Your task: Make an exact copy of the entries, and keep any pictures out of it.

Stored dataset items

================

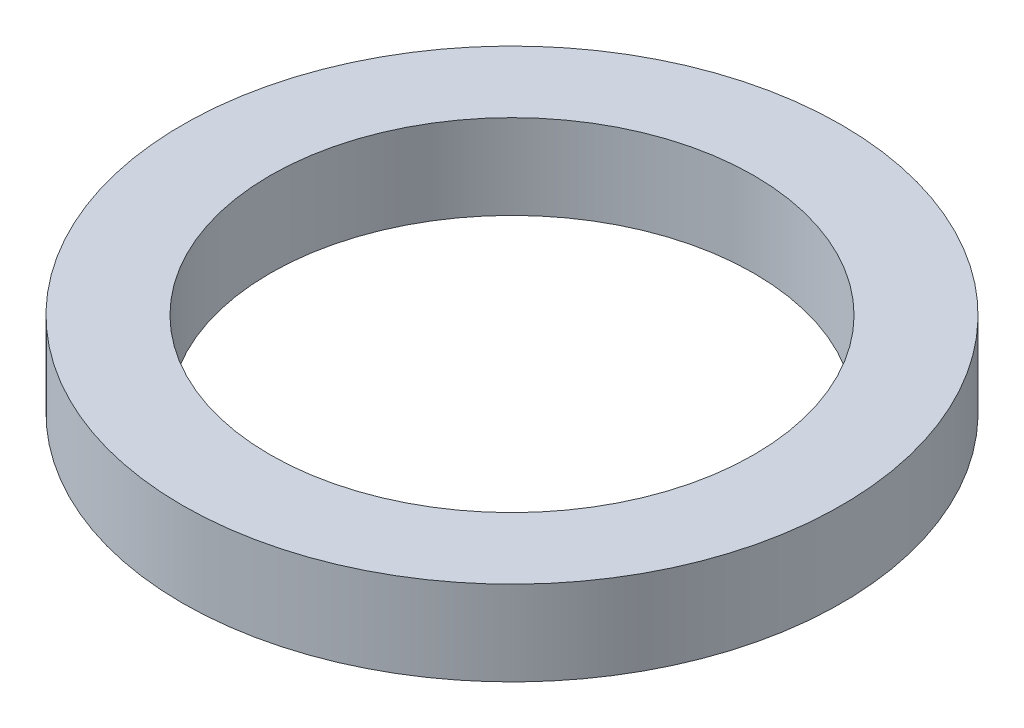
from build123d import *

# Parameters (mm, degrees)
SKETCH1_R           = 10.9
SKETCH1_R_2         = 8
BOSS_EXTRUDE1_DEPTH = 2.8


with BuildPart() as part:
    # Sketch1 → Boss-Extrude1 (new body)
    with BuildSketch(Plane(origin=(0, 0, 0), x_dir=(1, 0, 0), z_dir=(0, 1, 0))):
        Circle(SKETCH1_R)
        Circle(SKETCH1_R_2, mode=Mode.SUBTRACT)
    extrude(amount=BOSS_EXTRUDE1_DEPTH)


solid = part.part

================

Your response:
from build123d import *

# Parameters (mm, degrees)
SKETCH1_R           = 10.9
SKETCH1_R_2         = 8
BOSS_EXTRUDE1_DEPTH = 2.8


with BuildPart() as part:
    # Sketch1 → Boss-Extrude1 (new body)
    with BuildSketch(Plane(origin=(0, 0, 0), x_dir=(1, 0, 0), z_dir=(0, 1, 0))):
        Circle(SKETCH1_R)
        Circle(SKETCH1_R_2, mode=Mode.SUBTRACT)
    extrude(amount=BOSS_EXTRUDE1_DEPTH)


solid = part.part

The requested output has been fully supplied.